The quest of the Inner Ring will break your hearts unless you break it. But if you break it, a surprising result will follow. If in your working hours you make the work your end, you will presently find yourself all unawares inside the only circle in your profession that really matters. You will be one of the sound craftsmen, and other sound craftsmen will know it. This group of craftsmen will by no means coincide with the Inner Ring or the Important People or the People in the Know. It will not shape that professional policy or work up that professional influence which fights for the profession as a whole against the public: nor will it lead to those periodic scandals and crises which the Inner Ring produces. But it will do those things which that profession exists to do and will in the long run be responsible for all the respect which that profession in fact enjoys and which the speeches and advertisements cannot maintain. And if in your spare time you consort simply with the people you like, you will again find that you have come unawares to a real inside: that you are indeed snug and safe at the center of something which, seen from without, would look exactly like an Inner Ring. But the difference is that its secrecy is accidental, and its exclusiveness a by-product, and no one was led thither by the lure of the esoteric: for it is only four or five people who like one another meeting to do things that they like. This is friendship. Aristotle placed it among the virtues. It causes perhaps half of all the happiness in the world, and no Inner Ring can ever have it.

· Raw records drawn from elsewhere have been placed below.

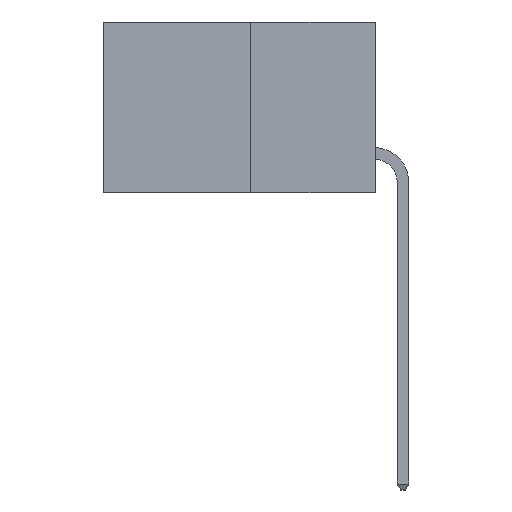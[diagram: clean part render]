
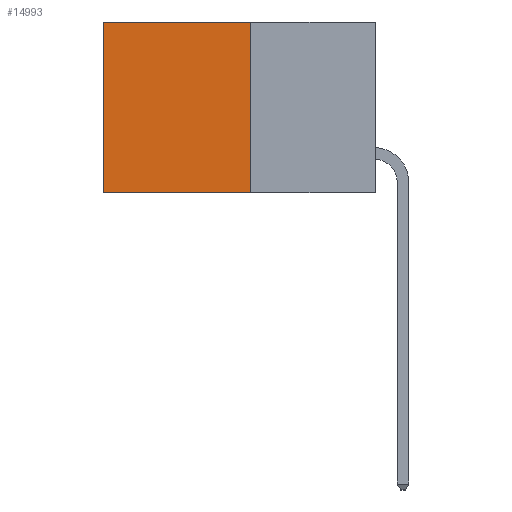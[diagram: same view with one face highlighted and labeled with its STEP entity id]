
A CAD part, left-side view. The second image highlights one B-rep face of the part: STEP entity #14993.
In plain terms, the highlighted planar face has unit normal (-1, 0, 0).
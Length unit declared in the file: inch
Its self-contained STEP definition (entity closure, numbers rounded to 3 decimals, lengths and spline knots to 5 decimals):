
#556 = CARTESIAN_POINT ( 'NONE',  ( 0.277, 0.27, -0.37 ) ) ;
#1833 = CARTESIAN_POINT ( 'NONE',  ( 0.277, 0.59, -0.37 ) ) ;
#2673 = ORIENTED_EDGE ( 'NONE', *, *, #3096, .T. ) ;
#2861 = VERTEX_POINT ( 'NONE', #1833 ) ;
#3096 = EDGE_CURVE ( 'NONE', #13774, #2861, #18274, .T. ) ;
#3913 = LINE ( 'NONE', #4609, #26834 ) ;
#4268 = EDGE_CURVE ( 'NONE', #9763, #13774, #3913, .T. ) ;
#4609 = CARTESIAN_POINT ( 'NONE',  ( 0.277, 0.27, 0. ) ) ;
#5051 = EDGE_CURVE ( 'NONE', #27230, #2861, #18197, .T. ) ;
#7617 = VECTOR ( 'NONE', #25258, 39.37008 ) ;
#9394 = DIRECTION ( 'NONE',  ( 0., 1., 0. ) ) ;
#9507 = FACE_OUTER_BOUND ( 'NONE', #21247, .T. ) ;
#9692 = CARTESIAN_POINT ( 'NONE',  ( 0.277, 0.27, -0.37 ) ) ;
#9763 = VERTEX_POINT ( 'NONE', #25546 ) ;
#10875 = ORIENTED_EDGE ( 'NONE', *, *, #4268, .T. ) ;
#11288 = DIRECTION ( 'NONE',  ( 0., 1., 0. ) ) ;
#12247 = VECTOR ( 'NONE', #9394, 39.37008 ) ;
#12840 = LINE ( 'NONE', #9692, #7617 ) ;
#13774 = VERTEX_POINT ( 'NONE', #22124 ) ;
#14774 = PLANE ( 'NONE',  #25635 ) ;
#14872 = DIRECTION ( 'NONE',  ( 0., 0., -1. ) ) ;
#14993 = ADVANCED_FACE ( 'NONE', ( #9507 ), #14774, .F. ) ;
#17163 = ORIENTED_EDGE ( 'NONE', *, *, #17399, .F. ) ;
#17399 = EDGE_CURVE ( 'NONE', #9763, #27230, #12840, .T. ) ;
#17572 = VECTOR ( 'NONE', #18187, 39.37008 ) ;
#18187 = DIRECTION ( 'NONE',  ( 0., 0., -1. ) ) ;
#18197 = LINE ( 'NONE', #24866, #12247 ) ;
#18274 = LINE ( 'NONE', #26965, #17572 ) ;
#21247 = EDGE_LOOP ( 'NONE', ( #2673, #24618, #17163, #10875 ) ) ;
#21569 = CARTESIAN_POINT ( 'NONE',  ( 0.277, 0.27, -0.37 ) ) ;
#22124 = CARTESIAN_POINT ( 'NONE',  ( 0.277, 0.59, 0. ) ) ;
#24618 = ORIENTED_EDGE ( 'NONE', *, *, #5051, .F. ) ;
#24866 = CARTESIAN_POINT ( 'NONE',  ( 0.277, 0.27, -0.37 ) ) ;
#25258 = DIRECTION ( 'NONE',  ( 0., 0., -1. ) ) ;
#25546 = CARTESIAN_POINT ( 'NONE',  ( 0.277, 0.27, 0. ) ) ;
#25635 = AXIS2_PLACEMENT_3D ( 'NONE', #21569, #28152, #14872 ) ;
#26834 = VECTOR ( 'NONE', #11288, 39.37008 ) ;
#26965 = CARTESIAN_POINT ( 'NONE',  ( 0.277, 0.59, -0.37 ) ) ;
#27230 = VERTEX_POINT ( 'NONE', #556 ) ;
#28152 = DIRECTION ( 'NONE',  ( 1., 0., 0. ) ) ;

This of course is something that applies to more than just buying an album or combing my hair a certain way. I find it especially at work at church, which is the last place that there should be an inner ring. In the end, we're all in the big ring of God's grace, and so one home group shouldn't be better than another, and one ministry shouldn't be more exclusive or give an air of superiority over another. Sometimes it happens inadvertently, and we should make every effort to make sure it doesn't happen.

I'll get the album because I love the music, but in the meantime it reminded me to be careful how to treat others. Funny how one little thing like a CD release can lead to these thoughts.

For now, I can read the liner notes!

Monday, July 25, 2005

Sony BMG Apologizes For Payola Involving J. Lo, Avril, Good Charlotte, Others

Sony BMG Apologizes For Payola Involving J. Lo, Avril, Good Charlotte, Others: "Sony BMG Apologizes For Payola Involving J. Lo, Avril, Good Charlotte, Others

Label gave trips, cash and electronics to stations in exchange for airplay."

Here's a story that should surprise no one.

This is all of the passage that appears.